EXTRACTED RECORDS -

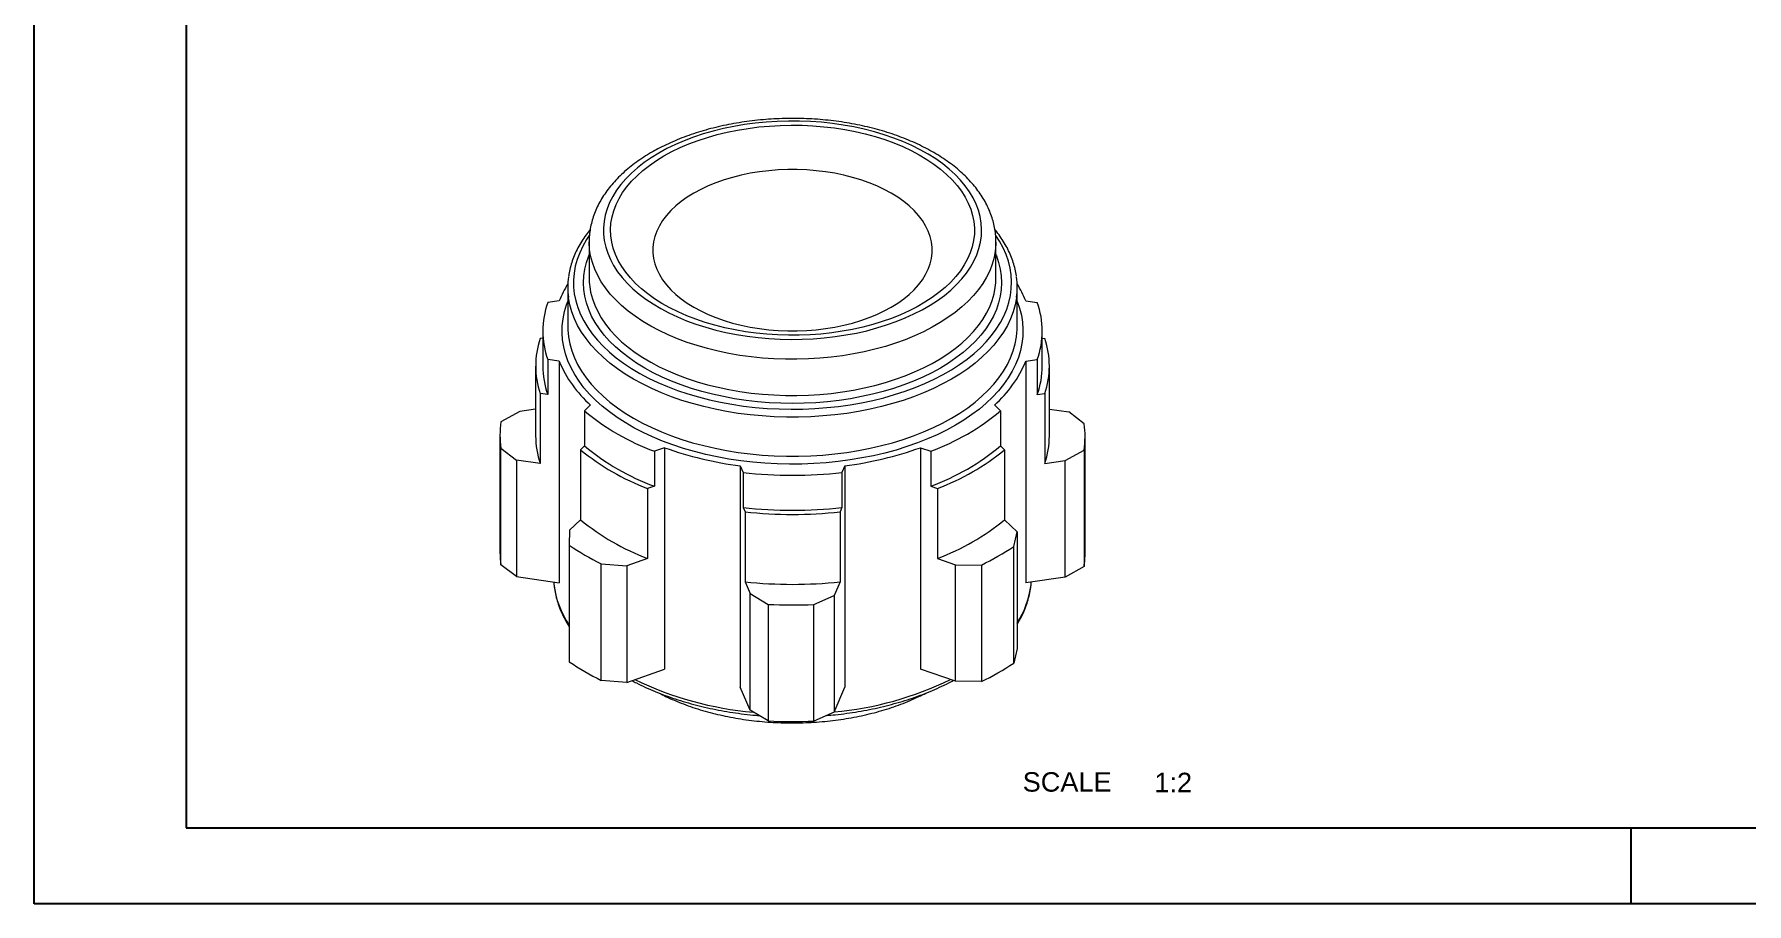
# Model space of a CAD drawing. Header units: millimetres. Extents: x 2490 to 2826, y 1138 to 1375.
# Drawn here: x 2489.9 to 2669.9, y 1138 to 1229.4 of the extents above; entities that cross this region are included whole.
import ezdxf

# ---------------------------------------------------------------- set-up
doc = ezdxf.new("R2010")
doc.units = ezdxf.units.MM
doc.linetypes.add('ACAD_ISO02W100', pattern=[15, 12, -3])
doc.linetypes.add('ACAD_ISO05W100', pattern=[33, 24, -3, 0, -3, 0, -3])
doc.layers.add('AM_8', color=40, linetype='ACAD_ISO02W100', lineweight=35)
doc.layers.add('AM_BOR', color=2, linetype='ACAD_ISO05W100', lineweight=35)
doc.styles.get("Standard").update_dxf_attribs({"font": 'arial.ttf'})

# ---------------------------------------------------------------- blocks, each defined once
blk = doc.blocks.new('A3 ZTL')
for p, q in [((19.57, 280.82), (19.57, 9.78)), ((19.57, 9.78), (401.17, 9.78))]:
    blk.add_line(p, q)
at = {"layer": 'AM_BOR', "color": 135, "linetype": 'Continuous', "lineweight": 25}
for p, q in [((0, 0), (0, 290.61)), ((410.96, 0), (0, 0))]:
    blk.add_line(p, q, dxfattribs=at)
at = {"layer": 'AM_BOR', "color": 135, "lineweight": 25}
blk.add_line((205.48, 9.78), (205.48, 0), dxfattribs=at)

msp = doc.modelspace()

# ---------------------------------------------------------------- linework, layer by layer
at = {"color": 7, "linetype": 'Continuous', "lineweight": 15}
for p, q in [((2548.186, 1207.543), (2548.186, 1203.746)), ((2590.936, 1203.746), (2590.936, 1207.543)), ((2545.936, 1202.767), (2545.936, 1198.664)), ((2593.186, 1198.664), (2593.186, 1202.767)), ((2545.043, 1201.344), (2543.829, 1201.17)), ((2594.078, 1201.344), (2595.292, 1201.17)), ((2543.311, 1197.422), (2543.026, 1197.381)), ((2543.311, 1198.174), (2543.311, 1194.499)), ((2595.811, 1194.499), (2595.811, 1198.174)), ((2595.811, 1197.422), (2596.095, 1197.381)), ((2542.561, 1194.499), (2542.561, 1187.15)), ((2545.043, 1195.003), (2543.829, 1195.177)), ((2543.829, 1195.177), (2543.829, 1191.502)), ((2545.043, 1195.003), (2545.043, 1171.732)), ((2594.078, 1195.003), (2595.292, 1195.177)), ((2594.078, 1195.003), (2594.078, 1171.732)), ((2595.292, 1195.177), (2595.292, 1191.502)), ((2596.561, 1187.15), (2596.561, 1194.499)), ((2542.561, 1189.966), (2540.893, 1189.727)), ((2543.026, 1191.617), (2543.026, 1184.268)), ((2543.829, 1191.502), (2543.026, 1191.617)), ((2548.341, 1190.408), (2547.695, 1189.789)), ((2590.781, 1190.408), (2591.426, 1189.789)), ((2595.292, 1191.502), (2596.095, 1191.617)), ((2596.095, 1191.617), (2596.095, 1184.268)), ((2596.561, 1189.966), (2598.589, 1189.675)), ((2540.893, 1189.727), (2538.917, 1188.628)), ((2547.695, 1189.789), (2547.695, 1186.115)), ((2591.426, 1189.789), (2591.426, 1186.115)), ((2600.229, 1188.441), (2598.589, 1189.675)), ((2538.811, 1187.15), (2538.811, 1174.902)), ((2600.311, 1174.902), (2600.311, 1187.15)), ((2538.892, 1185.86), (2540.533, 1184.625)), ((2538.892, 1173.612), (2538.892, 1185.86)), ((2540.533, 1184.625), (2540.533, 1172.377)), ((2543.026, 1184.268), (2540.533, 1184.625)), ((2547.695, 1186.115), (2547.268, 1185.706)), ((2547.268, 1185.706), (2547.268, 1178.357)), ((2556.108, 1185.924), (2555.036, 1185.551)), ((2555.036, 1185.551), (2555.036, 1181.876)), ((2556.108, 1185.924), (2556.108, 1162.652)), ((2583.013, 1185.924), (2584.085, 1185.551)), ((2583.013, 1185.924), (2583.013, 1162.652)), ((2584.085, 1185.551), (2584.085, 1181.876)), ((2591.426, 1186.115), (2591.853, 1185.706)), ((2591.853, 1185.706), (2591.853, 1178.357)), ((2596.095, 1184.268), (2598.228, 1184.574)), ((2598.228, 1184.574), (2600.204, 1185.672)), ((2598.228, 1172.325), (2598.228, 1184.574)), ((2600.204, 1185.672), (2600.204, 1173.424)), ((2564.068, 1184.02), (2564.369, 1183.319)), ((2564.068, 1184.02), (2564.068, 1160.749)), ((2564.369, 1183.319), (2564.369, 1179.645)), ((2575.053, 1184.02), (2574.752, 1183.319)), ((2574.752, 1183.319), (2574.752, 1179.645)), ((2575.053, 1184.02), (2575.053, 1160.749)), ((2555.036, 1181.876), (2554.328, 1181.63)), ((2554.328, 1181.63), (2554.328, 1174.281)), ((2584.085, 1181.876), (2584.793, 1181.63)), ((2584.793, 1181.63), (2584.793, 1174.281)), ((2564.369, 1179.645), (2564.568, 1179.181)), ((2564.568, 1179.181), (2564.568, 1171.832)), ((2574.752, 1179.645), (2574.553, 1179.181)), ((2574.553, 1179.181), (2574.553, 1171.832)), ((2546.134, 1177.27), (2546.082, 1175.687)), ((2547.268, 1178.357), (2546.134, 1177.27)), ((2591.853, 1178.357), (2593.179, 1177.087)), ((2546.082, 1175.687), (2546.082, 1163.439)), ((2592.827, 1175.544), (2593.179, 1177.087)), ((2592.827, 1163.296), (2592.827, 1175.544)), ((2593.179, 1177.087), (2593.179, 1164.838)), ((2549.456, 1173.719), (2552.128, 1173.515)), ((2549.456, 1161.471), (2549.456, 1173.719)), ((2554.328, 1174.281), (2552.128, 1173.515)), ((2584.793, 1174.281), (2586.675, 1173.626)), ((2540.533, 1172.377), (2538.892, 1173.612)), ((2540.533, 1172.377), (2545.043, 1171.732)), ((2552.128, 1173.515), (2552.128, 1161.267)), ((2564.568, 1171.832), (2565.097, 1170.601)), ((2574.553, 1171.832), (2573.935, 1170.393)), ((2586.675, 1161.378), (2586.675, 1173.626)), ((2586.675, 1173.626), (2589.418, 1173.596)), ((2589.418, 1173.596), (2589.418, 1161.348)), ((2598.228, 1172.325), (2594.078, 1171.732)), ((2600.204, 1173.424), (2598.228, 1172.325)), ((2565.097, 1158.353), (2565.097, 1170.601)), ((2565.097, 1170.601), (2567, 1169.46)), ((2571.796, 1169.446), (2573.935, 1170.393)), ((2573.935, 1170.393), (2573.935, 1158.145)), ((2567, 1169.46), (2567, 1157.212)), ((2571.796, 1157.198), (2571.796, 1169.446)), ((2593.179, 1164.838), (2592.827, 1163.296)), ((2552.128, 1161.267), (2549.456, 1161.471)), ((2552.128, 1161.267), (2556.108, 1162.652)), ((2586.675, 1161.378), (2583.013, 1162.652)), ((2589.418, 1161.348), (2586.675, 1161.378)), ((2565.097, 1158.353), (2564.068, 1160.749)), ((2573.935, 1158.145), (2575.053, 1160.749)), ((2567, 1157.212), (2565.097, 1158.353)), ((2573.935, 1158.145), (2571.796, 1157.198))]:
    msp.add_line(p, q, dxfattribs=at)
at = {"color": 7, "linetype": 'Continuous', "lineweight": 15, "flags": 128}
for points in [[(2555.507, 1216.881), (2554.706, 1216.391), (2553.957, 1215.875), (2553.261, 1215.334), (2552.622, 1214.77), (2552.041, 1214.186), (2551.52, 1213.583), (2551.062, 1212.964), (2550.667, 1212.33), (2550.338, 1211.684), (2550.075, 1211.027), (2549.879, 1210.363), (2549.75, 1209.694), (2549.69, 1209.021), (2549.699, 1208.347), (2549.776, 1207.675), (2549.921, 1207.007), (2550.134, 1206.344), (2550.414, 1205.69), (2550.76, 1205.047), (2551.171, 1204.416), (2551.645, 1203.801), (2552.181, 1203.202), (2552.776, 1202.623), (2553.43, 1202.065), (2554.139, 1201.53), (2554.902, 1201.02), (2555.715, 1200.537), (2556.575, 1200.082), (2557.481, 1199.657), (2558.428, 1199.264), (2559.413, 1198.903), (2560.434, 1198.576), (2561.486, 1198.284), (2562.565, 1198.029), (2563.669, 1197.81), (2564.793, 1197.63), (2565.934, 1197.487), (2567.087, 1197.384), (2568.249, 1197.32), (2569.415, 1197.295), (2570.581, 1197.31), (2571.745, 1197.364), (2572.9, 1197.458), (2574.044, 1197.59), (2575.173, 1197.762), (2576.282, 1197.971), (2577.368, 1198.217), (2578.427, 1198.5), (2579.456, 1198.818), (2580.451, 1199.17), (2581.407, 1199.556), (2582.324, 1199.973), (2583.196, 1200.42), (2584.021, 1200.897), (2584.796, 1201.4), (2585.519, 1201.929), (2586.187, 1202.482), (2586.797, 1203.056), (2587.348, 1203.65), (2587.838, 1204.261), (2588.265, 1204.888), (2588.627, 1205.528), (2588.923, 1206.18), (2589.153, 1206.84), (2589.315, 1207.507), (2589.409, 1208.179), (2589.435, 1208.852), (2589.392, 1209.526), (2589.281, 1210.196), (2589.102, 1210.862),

WHAT TO DO -
Give back exactly the run of lines that opens the material above and ends at the line with "import ezdxf". Omit the pictures.

REPLY TO THE EXERCISE -
# Model space of a CAD drawing. Header units: millimetres. Extents: x 2490 to 2826, y 1138 to 1375.
# Drawn here: x 2489.9 to 2669.9, y 1138 to 1229.4 of the extents above; entities that cross this region are included whole.
import ezdxf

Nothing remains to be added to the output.